7. Reference Instead of Repeat
If the same instruction appears in multiple places, define it once and reference it.
Before: Repeating "respond in JSON with fields: id, name, status" in 4 different places
After: Define once as "Format A" at the top, then say "Use Format A" elsewhere
8. Use max_tokens to Limit Output
Setting max_tokens in your API call doesn't reduce input tokens, but it prevents the model from generating unnecessarily long responses. Output tokens are 2–4x more expensive than input tokens at most providers.
9. Strip Irrelevant Context
When passing documents for analysis, remove boilerplate that doesn't affect the answer: headers, footers, navigation text, legal disclaimers, and repeated metadata.

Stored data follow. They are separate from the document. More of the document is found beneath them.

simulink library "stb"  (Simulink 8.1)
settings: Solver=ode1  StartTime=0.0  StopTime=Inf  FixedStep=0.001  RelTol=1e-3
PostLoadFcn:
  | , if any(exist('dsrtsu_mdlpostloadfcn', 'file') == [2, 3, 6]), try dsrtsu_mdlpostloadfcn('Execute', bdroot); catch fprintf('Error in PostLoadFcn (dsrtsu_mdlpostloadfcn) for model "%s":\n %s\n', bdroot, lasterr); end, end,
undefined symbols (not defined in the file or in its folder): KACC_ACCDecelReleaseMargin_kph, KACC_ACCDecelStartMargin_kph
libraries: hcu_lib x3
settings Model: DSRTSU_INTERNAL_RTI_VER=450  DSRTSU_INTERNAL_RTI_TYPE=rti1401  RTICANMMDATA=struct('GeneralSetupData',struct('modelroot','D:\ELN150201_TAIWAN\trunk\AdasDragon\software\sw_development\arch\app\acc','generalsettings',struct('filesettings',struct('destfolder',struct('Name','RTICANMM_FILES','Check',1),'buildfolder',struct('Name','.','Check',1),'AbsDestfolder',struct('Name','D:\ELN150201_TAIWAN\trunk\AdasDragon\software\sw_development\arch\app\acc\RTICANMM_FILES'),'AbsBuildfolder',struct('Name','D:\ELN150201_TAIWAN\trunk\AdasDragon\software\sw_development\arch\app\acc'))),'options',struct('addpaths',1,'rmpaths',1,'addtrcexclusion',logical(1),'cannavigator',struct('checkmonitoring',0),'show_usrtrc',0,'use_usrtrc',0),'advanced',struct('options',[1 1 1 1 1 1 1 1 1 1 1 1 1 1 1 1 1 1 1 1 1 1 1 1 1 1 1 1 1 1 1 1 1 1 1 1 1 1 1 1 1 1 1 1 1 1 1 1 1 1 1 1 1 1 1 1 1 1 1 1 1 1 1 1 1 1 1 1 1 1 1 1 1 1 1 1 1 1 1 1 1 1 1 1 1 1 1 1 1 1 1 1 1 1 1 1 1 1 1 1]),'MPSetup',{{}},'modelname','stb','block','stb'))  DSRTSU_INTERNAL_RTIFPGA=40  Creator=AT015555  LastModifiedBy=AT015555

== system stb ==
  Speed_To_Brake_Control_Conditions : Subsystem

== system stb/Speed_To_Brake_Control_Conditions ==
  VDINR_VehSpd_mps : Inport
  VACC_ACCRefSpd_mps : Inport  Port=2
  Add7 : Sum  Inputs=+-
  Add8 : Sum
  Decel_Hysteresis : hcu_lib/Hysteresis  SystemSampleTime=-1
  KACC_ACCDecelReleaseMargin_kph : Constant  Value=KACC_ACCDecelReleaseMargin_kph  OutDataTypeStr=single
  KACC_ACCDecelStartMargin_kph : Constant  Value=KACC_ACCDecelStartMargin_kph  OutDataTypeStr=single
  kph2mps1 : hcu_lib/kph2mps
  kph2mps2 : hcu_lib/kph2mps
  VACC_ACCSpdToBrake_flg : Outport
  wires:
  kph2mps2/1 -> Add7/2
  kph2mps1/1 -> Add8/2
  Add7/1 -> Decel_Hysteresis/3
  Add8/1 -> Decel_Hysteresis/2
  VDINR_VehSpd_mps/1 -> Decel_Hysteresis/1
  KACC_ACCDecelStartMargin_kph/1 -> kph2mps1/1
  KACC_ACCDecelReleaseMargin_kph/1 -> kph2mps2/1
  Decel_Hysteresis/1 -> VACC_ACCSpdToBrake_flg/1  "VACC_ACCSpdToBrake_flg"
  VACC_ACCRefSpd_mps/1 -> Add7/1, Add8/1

A web page scraped with all its HTML might use 5,000 tokens. The actual content might be 800 tokens. Extract the relevant text before including it in your prompt.
10. Use Shorter Variable Names in Templates
If you're using prompt templates with placeholders, shorter keys save tokens across every request.
Before: "The customer_full_name is {customer_full_name} and their email_address is {email_address}"
After: "Name: {name}, Email: {email}"
Measuring Your Savings
After applying these techniques, measure the difference. A prompt that went from 2,000 tokens to 800 tokens saves 60% on every request. At 100,000 requests per day with GPT-4o input pricing ($2.50/M tokens), that's a savings of $0.30/day or about $9/month — and that's just one prompt. Multiply across all your prompts and the savings compound quickly.
The best optimization is the one you measure. Count your tokens before and after every change.